_WORK ORDER_
Could you give back the records exactly, taking out the pictures?

Source data:
BEGIN
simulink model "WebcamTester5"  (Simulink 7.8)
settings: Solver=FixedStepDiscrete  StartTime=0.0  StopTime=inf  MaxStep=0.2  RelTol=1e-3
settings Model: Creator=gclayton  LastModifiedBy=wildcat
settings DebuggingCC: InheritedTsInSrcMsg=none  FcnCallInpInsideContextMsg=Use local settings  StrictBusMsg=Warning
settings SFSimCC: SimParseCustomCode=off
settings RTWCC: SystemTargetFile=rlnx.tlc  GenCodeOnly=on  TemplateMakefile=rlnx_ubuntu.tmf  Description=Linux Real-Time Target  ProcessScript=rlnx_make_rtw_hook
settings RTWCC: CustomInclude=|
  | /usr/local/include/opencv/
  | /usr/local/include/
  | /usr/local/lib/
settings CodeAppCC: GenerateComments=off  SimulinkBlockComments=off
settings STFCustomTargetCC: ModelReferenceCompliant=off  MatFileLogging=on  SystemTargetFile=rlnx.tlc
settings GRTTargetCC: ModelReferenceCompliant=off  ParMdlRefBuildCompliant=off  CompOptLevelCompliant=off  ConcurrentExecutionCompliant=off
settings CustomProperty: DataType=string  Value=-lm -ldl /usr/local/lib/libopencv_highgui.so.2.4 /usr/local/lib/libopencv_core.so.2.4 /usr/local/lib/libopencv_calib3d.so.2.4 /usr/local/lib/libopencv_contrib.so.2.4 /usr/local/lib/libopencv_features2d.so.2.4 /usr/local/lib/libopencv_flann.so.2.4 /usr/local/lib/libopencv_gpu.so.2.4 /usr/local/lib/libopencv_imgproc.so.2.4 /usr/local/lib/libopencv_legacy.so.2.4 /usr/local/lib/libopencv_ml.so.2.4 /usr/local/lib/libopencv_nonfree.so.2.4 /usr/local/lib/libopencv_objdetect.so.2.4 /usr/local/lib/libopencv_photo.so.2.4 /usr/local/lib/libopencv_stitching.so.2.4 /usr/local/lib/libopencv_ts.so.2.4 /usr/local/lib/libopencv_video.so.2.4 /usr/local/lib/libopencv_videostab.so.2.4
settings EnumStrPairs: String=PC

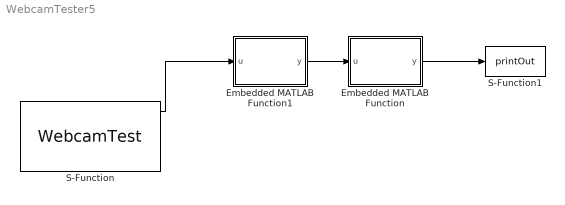
== system WebcamTester5 ==
  Embedded MATLAB Function : MATLAB Function  TreatAsAtomicUnit=on
  Embedded MATLAB Function1 : MATLAB Function  TreatAsAtomicUnit=on
  S-Function : S-Function  FunctionName=WebcamTest  EnableBusSupport=off
  S-Function1 : S-Function  FunctionName=printOut  EnableBusSupport=off
  wires:
  S-Function/1 -> Embedded MATLAB Function1/1(u)
  Embedded MATLAB Function/1(y) -> S-Function1/1
  Embedded MATLAB Function1/1(y) -> Embedded MATLAB Function/1(u)

== matlab function Embedded MATLAB Function1 ==
  data: u input double; y output double
function y = fcn(u)

y = uint32(u);

== matlab function Embedded MATLAB Function ==
  data: u input double; y output double
function y = fcn(u)

y = u(100,100);
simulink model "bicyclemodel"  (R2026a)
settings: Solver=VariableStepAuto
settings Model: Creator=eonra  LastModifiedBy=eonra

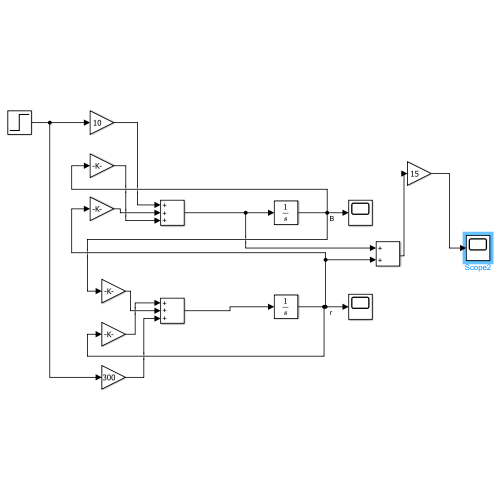
[thumbnail: Simulink's stored preview of the top-level diagram]
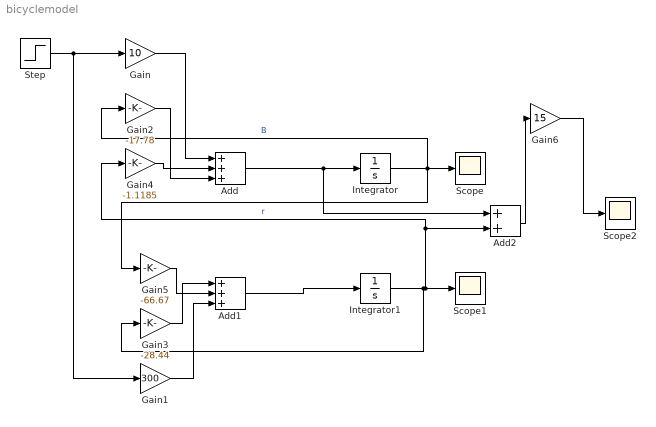
== system bicyclemodel ==
  Add : Sum  Inputs=+++
  Add1 : Sum  Inputs=+++
  Add2 : Sum
  Gain : Gain  Gain=10
  Gain1 : Gain  Gain=300
  Gain2 : Gain  Gain=-17.78
  Gain3 : Gain  Gain=-28.44
  Gain4 : Gain  Gain=-1.1185
  Gain5 : Gain  Gain=-66.67
  Gain6 : Gain  Gain=15
  Integrator : Integrator
  Integrator1 : Integrator
  Scope : Scope
      settings: ActiveDisplayYMinimum=-0.013200928243058109  ActiveDisplayYMaximum=0.015090856433519123
  Scope1 : Scope
      settings: ActiveDisplayYMinimum=-0.11814487855285631  ActiveDisplayYMaximum=1.0633039069757071
  Scope2 : Scope
      settings: ActiveDisplayYMinimum=-1.772679916459839  ActiveDisplayYMaximum=15.954119248138555  DataLoggingVariableName=ScopeData2
  Step : Step  FinalValue=0.0873  SampleTime=0
  wires:
  Integrator/1 -> Gain5/1, Gain2/1, Scope/1  "B"
  Integrator1/1 -> Gain3/1, Add2/2, Gain4/1, Scope1/1  "r"
  Step/1 -> Gain1/1, Gain/1
  Gain1/1 -> Add1/3
  Gain/1 -> Add/1
  Add/1 -> Add2/1, Integrator/1
  Add1/1 -> Integrator1/1
  Gain3/1 -> Add1/1
  Gain2/1 -> Add/3
  Gain5/1 -> Add1/2
  Gain4/1 -> Add/2
  Add2/1 -> Gain6/1
  Gain6/1 -> Scope2/1
END
_OUTPUT FOR THIS TASK_
simulink model "WebcamTester5"  (Simulink 7.8)
settings: Solver=FixedStepDiscrete  StartTime=0.0  StopTime=inf  MaxStep=0.2  RelTol=1e-3
settings Model: Creator=gclayton  LastModifiedBy=wildcat
settings DebuggingCC: InheritedTsInSrcMsg=none  FcnCallInpInsideContextMsg=Use local settings  StrictBusMsg=Warning
settings SFSimCC: SimParseCustomCode=off
settings RTWCC: SystemTargetFile=rlnx.tlc  GenCodeOnly=on  TemplateMakefile=rlnx_ubuntu.tmf  Description=Linux Real-Time Target  ProcessScript=rlnx_make_rtw_hook
settings RTWCC: CustomInclude=|
  | /usr/local/include/opencv/
  | /usr/local/include/
  | /usr/local/lib/
settings CodeAppCC: GenerateComments=off  SimulinkBlockComments=off
settings STFCustomTargetCC: ModelReferenceCompliant=off  MatFileLogging=on  SystemTargetFile=rlnx.tlc
settings GRTTargetCC: ModelReferenceCompliant=off  ParMdlRefBuildCompliant=off  CompOptLevelCompliant=off  ConcurrentExecutionCompliant=off
settings CustomProperty: DataType=string  Value=-lm -ldl /usr/local/lib/libopencv_highgui.so.2.4 /usr/local/lib/libopencv_core.so.2.4 /usr/local/lib/libopencv_calib3d.so.2.4 /usr/local/lib/libopencv_contrib.so.2.4 /usr/local/lib/libopencv_features2d.so.2.4 /usr/local/lib/libopencv_flann.so.2.4 /usr/local/lib/libopencv_gpu.so.2.4 /usr/local/lib/libopencv_imgproc.so.2.4 /usr/local/lib/libopencv_legacy.so.2.4 /usr/local/lib/libopencv_ml.so.2.4 /usr/local/lib/libopencv_nonfree.so.2.4 /usr/local/lib/libopencv_objdetect.so.2.4 /usr/local/lib/libopencv_photo.so.2.4 /usr/local/lib/libopencv_stitching.so.2.4 /usr/local/lib/libopencv_ts.so.2.4 /usr/local/lib/libopencv_video.so.2.4 /usr/local/lib/libopencv_videostab.so.2.4
settings EnumStrPairs: String=PC

== system WebcamTester5 ==
  Embedded MATLAB Function : MATLAB Function  TreatAsAtomicUnit=on
  Embedded MATLAB Function1 : MATLAB Function  TreatAsAtomicUnit=on
  S-Function : S-Function  FunctionName=WebcamTest  EnableBusSupport=off
  S-Function1 : S-Function  FunctionName=printOut  EnableBusSupport=off
  wires:
  S-Function/1 -> Embedded MATLAB Function1/1(u)
  Embedded MATLAB Function/1(y) -> S-Function1/1
  Embedded MATLAB Function1/1(y) -> Embedded MATLAB Function/1(u)

== matlab function Embedded MATLAB Function1 ==
  data: u input double; y output double
function y = fcn(u)

y = uint32(u);

== matlab function Embedded MATLAB Function ==
  data: u input double; y output double
function y = fcn(u)

y = u(100,100);
simulink model "bicyclemodel"  (R2026a)
settings: Solver=VariableStepAuto
settings Model: Creator=eonra  LastModifiedBy=eonra

[thumbnail: Simulink's stored preview of the top-level diagram]
== system bicyclemodel ==
  Add : Sum  Inputs=+++
  Add1 : Sum  Inputs=+++
  Add2 : Sum
  Gain : Gain  Gain=10
  Gain1 : Gain  Gain=300
  Gain2 : Gain  Gain=-17.78
  Gain3 : Gain  Gain=-28.44
  Gain4 : Gain  Gain=-1.1185
  Gain5 : Gain  Gain=-66.67
  Gain6 : Gain  Gain=15
  Integrator : Integrator
  Integrator1 : Integrator
  Scope : Scope
      settings: ActiveDisplayYMinimum=-0.013200928243058109  ActiveDisplayYMaximum=0.015090856433519123
  Scope1 : Scope
      settings: ActiveDisplayYMinimum=-0.11814487855285631  ActiveDisplayYMaximum=1.0633039069757071
  Scope2 : Scope
      settings: ActiveDisplayYMinimum=-1.772679916459839  ActiveDisplayYMaximum=15.954119248138555  DataLoggingVariableName=ScopeData2
  Step : Step  FinalValue=0.0873  SampleTime=0
  wires:
  Integrator/1 -> Gain5/1, Gain2/1, Scope/1  "B"
  Integrator1/1 -> Gain3/1, Add2/2, Gain4/1, Scope1/1  "r"
  Step/1 -> Gain1/1, Gain/1
  Gain1/1 -> Add1/3
  Gain/1 -> Add/1
  Add/1 -> Add2/1, Integrator/1
  Add1/1 -> Integrator1/1
  Gain3/1 -> Add1/1
  Gain2/1 -> Add/3
  Gain5/1 -> Add1/2
  Gain4/1 -> Add/2
  Add2/1 -> Gain6/1
  Gain6/1 -> Scope2/1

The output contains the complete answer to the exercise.